RDR mai giocato, ma un GTA politicamente corretto non si può tollerare. Penso che almeno in quel contesto rimangano coerenti, spero.


----------



## Toby rosso nero (23 Giugno 2020)

fabri47 ha scritto:


> RDR mai giocato, ma un GTA politicamente corretto non si può tollerare.

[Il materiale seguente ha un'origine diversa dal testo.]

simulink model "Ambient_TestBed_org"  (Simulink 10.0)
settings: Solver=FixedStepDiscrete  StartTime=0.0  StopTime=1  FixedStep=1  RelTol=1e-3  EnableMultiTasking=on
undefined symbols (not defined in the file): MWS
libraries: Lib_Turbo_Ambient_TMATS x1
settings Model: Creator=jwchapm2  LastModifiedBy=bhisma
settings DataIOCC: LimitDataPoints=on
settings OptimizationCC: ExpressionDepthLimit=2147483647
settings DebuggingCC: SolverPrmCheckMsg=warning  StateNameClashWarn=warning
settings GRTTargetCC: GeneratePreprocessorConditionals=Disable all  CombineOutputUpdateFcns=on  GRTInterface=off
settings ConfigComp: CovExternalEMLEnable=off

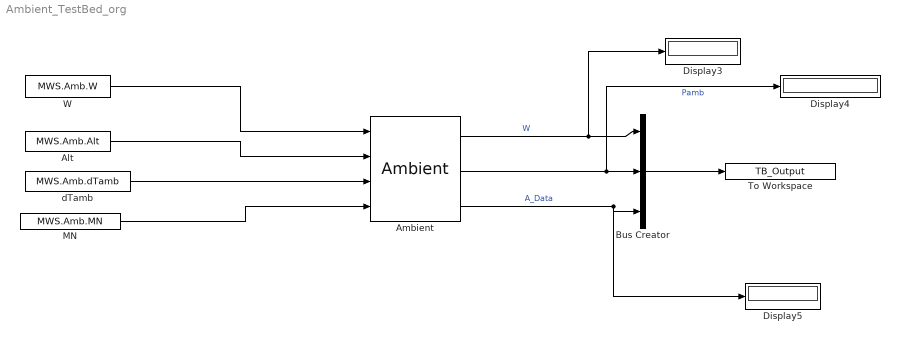
== system Ambient_TestBed_org ==
  Alt : Constant  Value=MWS.Amb.Alt
  Ambient : Lib_Turbo_Ambient_TMATS/Ambient  X_A_AltVec_M=5000*[-1 0 1 2 3 4 5 6 7 8 9 10 12 14 16]  T_A_TsVec_M=[536.51 518.67 500.84 483.03 465.22 447.41 429.62 411.84 394.06 389.97 389.97 389.97 389.97 392.25 397.69]  T_A_PsVec_M=[17.554 14.696 12.228 10.108 8.297 6.759 5.461 4.373 3.468 2.73 2.149 1.692 1.049 0.651 0.406]  AFARc_M=0
  Bus Creator : BusCreator  Inputs=3
  Display3 : Display
  Display4 : Display
  Display5 : Display
  MN : Constant  Value=MWS.Amb.MN
  To Workspace : ToWorkspace  VariableName=TB_Output  SampleTime=-1
  W : Constant  Value=MWS.Amb.W
  dTamb : Constant  Value=MWS.Amb.dTamb
  wires:
  W/1 -> Ambient/1
  dTamb/1 -> Ambient/3
  Ambient/1 -> Bus Creator/1, Display3/1  "W"
  Ambient/2 -> Bus Creator/2, Display4/1  "Pamb"
  Ambient/3 -> Display5/1, Bus Creator/3  "A_Data"
  Bus Creator/1 -> To Workspace/1
  MN/1 -> Ambient/4
  Alt/1 -> Ambient/2
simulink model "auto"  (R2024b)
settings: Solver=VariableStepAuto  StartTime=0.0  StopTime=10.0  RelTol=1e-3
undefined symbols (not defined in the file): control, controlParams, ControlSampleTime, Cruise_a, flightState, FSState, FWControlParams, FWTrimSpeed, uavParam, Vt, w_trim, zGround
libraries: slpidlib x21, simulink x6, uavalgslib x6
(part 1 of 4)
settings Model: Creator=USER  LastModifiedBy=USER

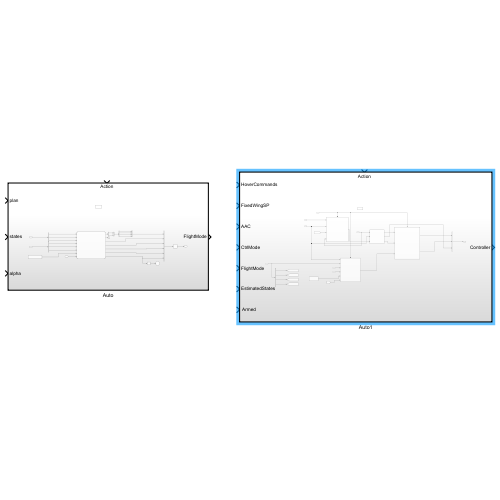
[thumbnail: Simulink's stored preview of the top-level diagram]
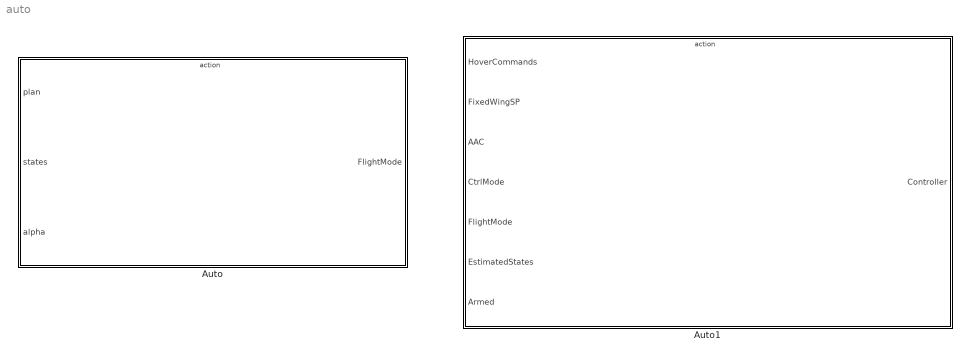
== system auto ==
  Auto : Subsystem  TreatAsAtomicUnit=on
  Auto1 : Subsystem  TreatAsAtomicUnit=on

== system auto/Auto ==
  plan : Inport  OutDataTypeStr=Bus: plan  SampleTime=0.005
  states : Inport  Port=2  OutDataTypeStr=Bus: states  SampleTime=0.005
  alpha : Inport  Port=3  SampleTime=0.005
  Action Port : ActionPort
  Bus Creator : BusCreator  Inputs=4  OutDataTypeStr=Bus: HoverSPBus
      settings: InheritFromInputs=off
  Bus Creator1 : BusCreator  Inputs=6  OutDataTypeStr=Bus: flightmode
  Bus Selector : BusSelector  OutputSignals=LAP,YawCmd
  Bus Selector1 : BusSelector  OutputSignals=mode,ToWP,FromWP
  Bus Selector2 : BusSelector  OutputSignals=pose,states,ground
  Compare To Constant : simulink/Logic and Bit Operations/Compare To Constant  relop===  const=2  OutDataTypeStr=boolean
  Constant2 : Constant  Value=FSState  SampleTime=-1
  Demux : Demux
  Guidance Mode Selector : Stateflow chart  TreatAsAtomicUnit=on
      settings: PortSchema="{\"entries\":[{\"content\":{\"sides\":[{\"content\":{\"connectorIds\":[\"In1\",\"In2\",\"In3\",\"In4\",\"In5\",\"In7\",\"In6\",\"In8\"]},\"type\":\"ConnectorPlacement.EquallySpacedRectSide\",\"uuid\":\"a9cfd0e2-196c-422d-b359-9161a47768c9\"},{\"content\":{\"connectorIds\":[\"Out7\",\"Out2\",\"Out4\",\"Out3\",\"Out5\",\"Out6\",\"Out1\"],\"side\":\"RIGHT\"},\"type\":\"ConnectorPlacement.EquallySpacedRectSide\",\"uuid\":\"4fed41ae-e7cf-4de3-8bdb-9e24e7d8b079\"},{\"content\":{\"side\":\"TOP\"},\"type\":\"ConnectorPlacement.EquallySpacedRectSide\",\"uuid\":\"2d49ff20-2f63-498d-ac9d-820eae01f794\"},{\"content\":{\"side\":\"BOTTOM\"},\"type\":\"ConnectorPlacement.EquallySpacedRectSide\",\"uuid\":\"da24ee44-6e15-4e50-9b36-ff21cb47946d\"}]},\"type\":\"ConnectorPlacement.EquallySpacedConnector\",\"uuid\":\"88d403f4-ad96-40f9-9697-84906f26a8bf\"}],\"packageUris\":[\"http://schema.mathworks.com/mf0/Connector/R2020b\"],\"version\":\"1.0\"}"
  Mux : Mux  Inputs=2
  Stop Simulation : Stop
  Terminator : Terminator
  Unit Delay : UnitDelay  SampleTime=-1  HasFrameUpgradeWarning=on
  FlightMode : Outport  OutDataTypeStr=Bus: flightmode
  wires:
  Bus Selector1/1 -> Guidance Mode Selector/1(mode)  "<mode>"
  Guidance Mode Selector/6(FlightMode) -> Bus Creator1/5  "FlightMode"
  Bus Selector1/3 -> Guidance Mode Selector/3(FromWP)  "<FromWP>"
  Bus Selector2/3 -> Guidance Mode Selector/7(Ground)  "<ground>"
  Bus Selector/1 -> Mux/1  "<LAP>"
  Guidance Mode Selector/5(controlMode) -> Bus Creator1/4  "controlMode"
  Guidance Mode Selector/3(aacSP) -> Bus Creator1/3  "AACSP"
  Guidance Mode Selector/7(InnerLoopCmds) -> Bus Selector/1
  Guidance Mode Selector/2(GdncMode) -> Terminator/1
  Bus Selector/2 -> Mux/2  "<YawCmd>"
  Compare To Constant/1 -> Stop Simulation/1
  Bus Selector2/2 -> Guidance Mode Selector/5(States)  "<states>"
  Mux/1 -> Demux/1
  Bus Selector2/1 -> Guidance Mode Selector/4(Pose)  "<pose>"
  Guidance Mode Selector/1(Status) -> Compare To Constant/1, Bus Creator1/6  "Status"
  Guidance Mode Selector/4(FixedWingSP) -> Bus Creator1/2  "FixedWingSP"
  Bus Selector1/2 -> Guidance Mode Selector/2(ToWP)  "<ToWP>"
  Demux/1 -> Bus Creator/1  "X"
  Demux/2 -> Bus Creator/2  "Y"
  Demux/3 -> Bus Creator/3  "Z"
  Demux/4 -> Bus Creator/4  "Yaw"
  Bus Creator/1 -> Bus Creator1/1  "HoverSP"
  Bus Creator1/1 -> Unit Delay/1
  alpha/1 -> Guidance Mode Selector/8(a)
  Constant2/1 -> Guidance Mode Selector/6(PresetMode)
  states/1 -> Bus Selector2/1
  plan/1 -> Bus Selector1/1
  Unit Delay/1 -> FlightMode/1

== system auto/Auto1 ==
  HoverCommands : Inport  OutDataTypeStr=Bus: HoverSPBus
  FixedWingSP : Inport  Port=2
  AAC : Inport  Port=3
  CtrlMode : Inport  Port=4
  FlightMode : Inport  Port=5
  EstimatedStates : Inport  Port=6
  " Armed" : Inport  Port=7
  Action Port : ActionPort
  Blend Scheduler : Subsystem
  Bus Creator : BusCreator  Inputs=3  OutDataTypeStr=Bus: controller
  Bus Selector2 : BusSelector  OutputSignals=inTransition,TransitionCondition,BackTransitionCondition,TransitionStep
  Fixed Wing Controller : Subsystem  TreatAsAtomicUnit=on  VariantControl=Fixed Wing Controller
  Manual Control : Subsystem
  Multicopter Controller : Subsystem  TreatAsAtomicUnit=on
  Scheduler : Subsystem  SystemSampleTime=0.005
  Controller : Outport
  wires:
  Scheduler/1(MotorActuatorCommands) -> Bus Creator/1  "MotorActuatorCommands"
  Manual Control/1(AERT) -> Fixed Wing Controller/5(AERT)
  Scheduler/2(CtrlSurfaceCommands) -> Bus Creator/2  "CtrlSurfaceCommands"
  Fixed Wing Controller/1(Actuator) -> Scheduler/3(FixedWingActuators)
  Blend Scheduler/2(alpha) -> Bus Creator/3  "a"
  Multicopter Controller/1(MixerCommands) -> Blend Scheduler/3(MixerCommands)
  AAC/1 -> Fixed Wing Controller/3(AAC SP)
  FixedWingSP/1 -> Fixed Wing Controller/4(FixedWingSP)
  [InTransition] -> Multicopter Controller/3(InTransition)
  " Armed"/1 -> Fixed Wing Controller/Enable, Scheduler/Enable, Multicopter Controller/Enable
  HoverCommands/1 -> Multicopter Controller/1(Hover Commands)
  EstimatedStates/1 -> Fixed Wing Controller/1(States), Blend Scheduler/2(States), Multicopter Controller/2(States)
  FlightMode/1 -> Multicopter Controller/4(FlightMode), Blend Scheduler/1(FlightMode)
  Bus Selector2/2 -> [TransitionDone]  "<TransitionCondition>"
  CtrlMode/1 -> Bus Selector2/1, Fixed Wing Controller/2(Control Mode)
  Bus Selector2/1 -> [InTransition]  "<inTransition>"
  Bus Selector2/3 -> [BackTransitionDone]  "<BackTransitionCondition>"
  Bus Creator/1 -> Controller/1
  Blend Scheduler/3(FlightState) -> Scheduler/2(FlightState)
  [InTransition] -> Fixed Wing Controller/6(In1)
  Bus Selector2/4 -> [TransitionStep]  "<TransitionStep>"
  Blend Scheduler/1(MotorCommands) -> Scheduler/1(MotorCommands)

== system auto/Auto/Guidance Mode Selector/GuidanceLogic.BackTransition ==
  States : Inport  OutDataTypeStr=Bus: GuidanceStates
  Action Port : ActionPort
      settings: CopyFcn=Stateflow.SLINSF.SimulinkMan.removeBlockPreDeleteFcn  PreDeleteFcn=Stateflow.SLINSF.SimulinkMan.unsafePredeleteFcn
  Bus Creator1 : BusCreator  Inputs=3  OutDataTypeStr=Bus: innerLoopCmdsBus  NonVirtualBus=on
  Bus Selector : BusSelector  OutputSignals=Xe
  Constant : Constant  Value=0
  Constant1 : Constant  Value=0
  Constant2 : Constant  Value=0
  Data Type Conversion : DataTypeConversion  OutDataTypeStr=uint8  SaturateOnIntegerOverflow=off  RndMeth=Floor
  Gain : Gain
  Status : Outport
  InnerLoopCmds : Outport  Port=2  OutDataTypeStr=Bus: innerLoopCmdsBus
  wires:
  States/1 -> Bus Selector/1
  Bus Selector/1 -> Gain/1  "<Xe>"
  Bus Creator1/1 -> InnerLoopCmds/1
  Constant1/1 -> Bus Creator1/2  "HeadingCmd"
  Constant2/1 -> Bus Creator1/3  "YawCmd"
  Data Type Conversion/1 -> Status/1
  Gain/1 -> Bus Creator1/1  "LAP"
  Constant/1 -> Data Type Conversion/1

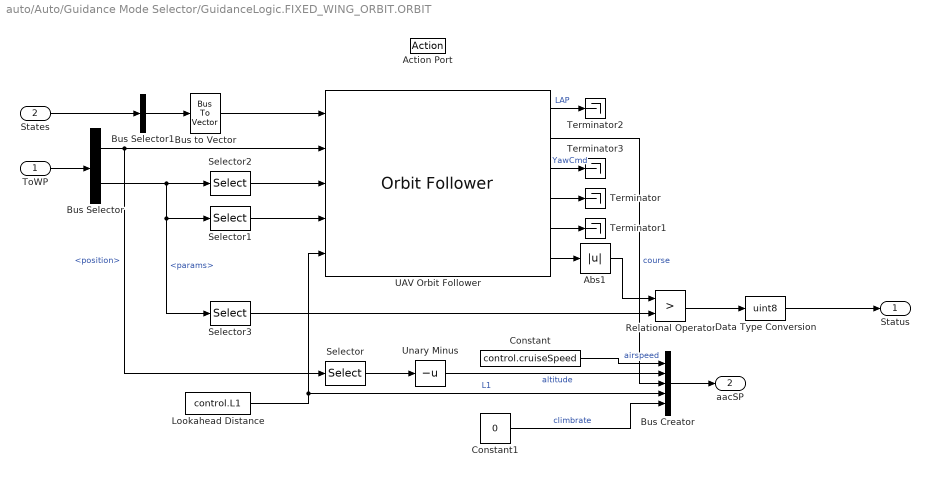
== system auto/Auto/Guidance Mode Selector/GuidanceLogic.FIXED_WING_ORBIT.ORBIT ==
  ToWP : Inport  OutDataTypeStr=Bus: UAVPathManagerBus
  States : Inport  Port=2
  Action Port : ActionPort
      settings: CopyFcn=Stateflow.SLINSF.SimulinkMan.removeBlockPreDeleteFcn  PreDeleteFcn=Stateflow.SLINSF.SimulinkMan.unsafePredeleteFcn
  Abs1 : Abs  SaturateOnIntegerOverflow=off
  Bus Creator : BusCreator  Inputs=5  OutDataTypeStr=Bus: AAC  NonVirtualBus=on
      settings: InheritFromInputs=off
  Bus Selector : BusSelector  OutputSignals=position,params
  Bus Selector1 : BusSelector  OutputSignals=Xe,course  OutputAsBus=on
  Bus to Vector : BusToVector
  Constant : Constant  Value=control.cruiseSpeed
  Constant1 : Constant  Value=0
  Data Type Conversion : DataTypeConversion  OutDataTypeStr=uint8  SaturateOnIntegerOverflow=off  RndMeth=Floor
  Lookahead Distance : Constant  Value=control.L1  OutDataTypeStr=double
  Relational Operator : RelationalOperator  Operator=>  OutDataTypeStr=boolean  RndMeth=Simplest  InputSameDT=off
  Selector : Selector  InputPortWidth=3  IndexOptions=Index vector (dialog)  Indices=3  OutputSizes=1
  Selector1 : Selector  InputPortWidth=4  IndexOptions=Index vector (dialog)  Indices=2  OutputSizes=1
  Selector2 : Selector  InputPortWidth=4  IndexOptions=Index vector (dialog)  Indices=1  OutputSizes=1
  Selector3 : Selector  InputPortWidth=4  IndexOptions=Index vector (dialog)  Indices=3  OutputSizes=1
  Terminator{,1..3} (4 alike) : Terminator
  UAV Orbit Follower : uavalgslib/Orbit Follower  UAVType=fixed-wing  MinOrbitRadius=control.turningRadius  MinLookaheadDistance=control.L1  ExternalReset=none  ShowCrossTrackErrorOutput=off  ShowNumTurnsOutput=on  SimulateUsing=Code generation
  Unary Minus : UnaryMinus
  Status : Outport
  aacSP : Outport  Port=2
  wires:
  Bus to Vector/1 -> UAV Orbit Follower/1
  Selector2/1 -> UAV Orbit Follower/3
  Bus Selector/1 -> UAV Orbit Follower/2, Selector/1  "<position>"
  ToWP/1 -> Bus Selector/1
  Bus Selector/2 -> Selector1/1, Selector3/1, Selector2/1  "<params>"
  Selector3/1 -> Relational Operator/2
  Relational Operator/1 -> Data Type Conversion/1
  UAV Orbit Follower/4 -> Terminator/1
  UAV Orbit Follower/5 -> Terminator1/1
  Bus Selector1/1 -> Bus to Vector/1
  States/1 -> Bus Selector1/1
  UAV Orbit Follower/1 -> Terminator2/1  "LAP"
  Lookahead Distance/1 -> UAV Orbit Follower/5, Bus Creator/4  "L1"
  Bus Creator/1 -> aacSP/1
  UAV Orbit Follower/2 -> Bus Creator/3  "course"
  Constant/1 -> Bus Creator/1  "airspeed"
  Unary Minus/1 -> Bus Creator/2  "altitude"
  UAV Orbit Follower/3 -> Terminator3/1  "YawCmd"
  Selector/1 -> Unary Minus/1
  UAV Orbit Follower/6 -> Abs1/1
  Abs1/1 -> Relational Operator/1
  Selector1/1 -> UAV Orbit Follower/4
  Constant1/1 -> Bus Creator/5  "climbrate"
  Data Type Conversion/1 -> Status/1

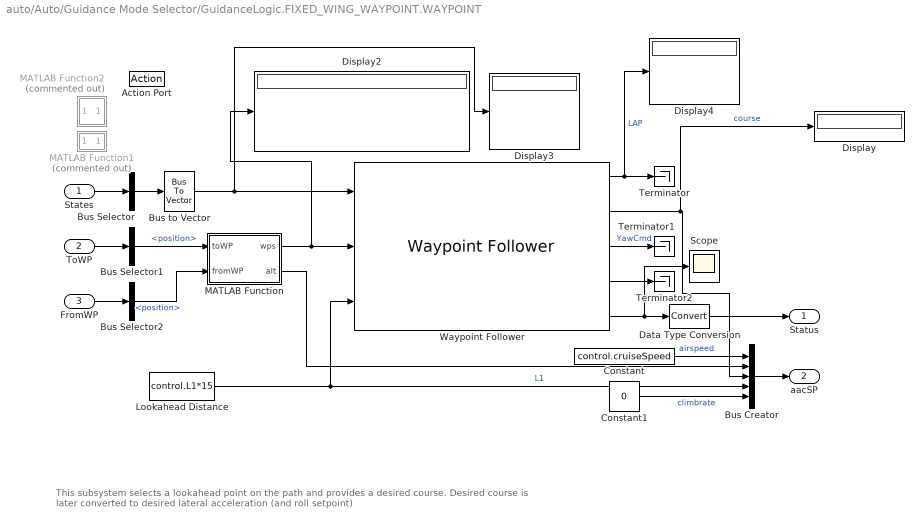
== system auto/Auto/Guidance Mode Selector/GuidanceLogic.FIXED_WING_WAYPOINT.WAYPOINT ==
  note: This subsystem selects a lookahead point on the path and provides a desired course. Desired course is later converted to desired lateral acceleration (and roll setpoint)
  States : Inport  OutDataTypeStr=Bus: GuidanceStates
  ToWP : Inport  Port=2  OutDataTypeStr=Bus: UAVPathManagerBus
  FromWP : Inport  Port=3  OutDataTypeStr=Bus: UAVPathManagerBus
  Action Port : ActionPort
      settings: CopyFcn=Stateflow.SLINSF.SimulinkMan.removeBlockPreDeleteFcn  PreDeleteFcn=Stateflow.SLINSF.SimulinkMan.unsafePredeleteFcn
  Bus Creator : BusCreator  Inputs=5  OutDataTypeStr=Bus: AAC  NonVirtualBus=on
      settings: InheritFromInputs=off
  Bus Selector : BusSelector  OutputSignals=Xe,course  OutputAsBus=on
  Bus Selector1 : BusSelector  OutputSignals=position
  Bus Selector2 : BusSelector  OutputSignals=position
  Bus to Vector : BusToVector
  Constant : Constant  Value=control.cruiseSpeed
  Constant1 : Constant  Value=0
  Data Type Conversion : DataTypeConversion  SaturateOnIntegerOverflow=off  RndMeth=Floor
  Display{,2..4} (4 alike) : Display
  Lookahead Distance : Constant  Value=control.L1*15  OutDataTypeStr=double
  MATLAB Function : MATLAB Function  TreatAsAtomicUnit=on
  MATLAB Function1 : MATLAB Function  Commented=on  TreatAsAtomicUnit=on
  MATLAB Function2 : MATLAB Function  Commented=on  TreatAsAtomicUnit=on
  Scope : Scope
  Terminator : Terminator
  Terminator1 : Terminator
  Terminator2 : Terminator
  Waypoint Follower : uavalgslib/Waypoint Follower  UAVType=fixed-wing  StartFrom=first  TransitionRadiusSource=internal  TransitionRadius=FWControl.transitionRadius  MinLookaheadDistance=control.L1  HoverAtLastWaypoint=off  YawInput=off  ShowCrossTrackErrorOutput=off  ShowStatusOutput=on  SimulateUsing=Code generation
  Status : Outport
  aacSP : Outport  Port=2
  wires:
  Lookahead Distance/1 -> Waypoint Follower/3, Bus Creator/4  "L1"
  Waypoint Follower/1 -> Display4/1, Terminator/1  "LAP"
  Waypoint Follower/3 -> Terminator1/1  "YawCmd"
  Waypoint Follower/4 -> Terminator2/1
  Constant/1 -> Bus Creator/1  "airspeed"
  States/1 -> Bus Selector/1
  Bus Selector/1 -> Bus to Vector/1
  Waypoint Follower/5 -> Scope/1, Data Type Conversion/1
  Data Type Conversion/1 -> Status/1
  Bus Creator/1 -> aacSP/1
  ToWP/1 -> Bus Selector1/1
  FromWP/1 -> Bus Selector2/1
  Bus Selector1/1 -> MATLAB Function/1(toWP)  "<position>"
  Bus Selector2/1 -> MATLAB Function/2(fromWP)  "<position>"
  MATLAB Function/2(alt) -> Bus Creator/2
  Waypoint Follower/2 -> Display/1, Bus Creator/3  "course"
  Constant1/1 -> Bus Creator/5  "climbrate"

Penso che almeno in quel contesto rimangano coerenti, spero.



Lo faranno a tematica Black Lives Matter con giustificazione di sterminio dei poliziotti bianchi suprematisti... ci scommetto l'osso del collo.


----------



## Tifo'o (23 Giugno 2020)

Mamma mia che gioco questo secondo.. la parte di usare diversi personaggi mi sembra copiata da GTA o COD comunque..

In ogni caso sono sconvolto 



Anticipazione (Spoiler)



Pazzesco è morto Joel ma che colpo di scena folle è?? Sono scioccato..


----------



## Toby rosso nero (23 Giugno 2020)

Tifo'o ha scritto:


> Mamma mia che gioco questo secondo.. la parte di usare diversi personaggi mi sembra copiata da GTA o COD comunque..
> 
> In ogni caso sono sconvolto
> 
> ...



Incredibile, io non ero spoilerato e ci sono rimasto di sasso.


Anticipazione (Spoiler)



Ma entusiasta di una scelta narrativa così coraggiosa. Sarà che sono di scuola Martin e odio i cliché.

Il fatto di usare un altro personaggio sostituendo quello amatissimo dai fan (e ingannando tutti con i trailer, tenendo nascosta la cosa... leak a parte) si era già visto in Metal Gear Solid 2, guarda caso un altro gioco che fu molto divisivo.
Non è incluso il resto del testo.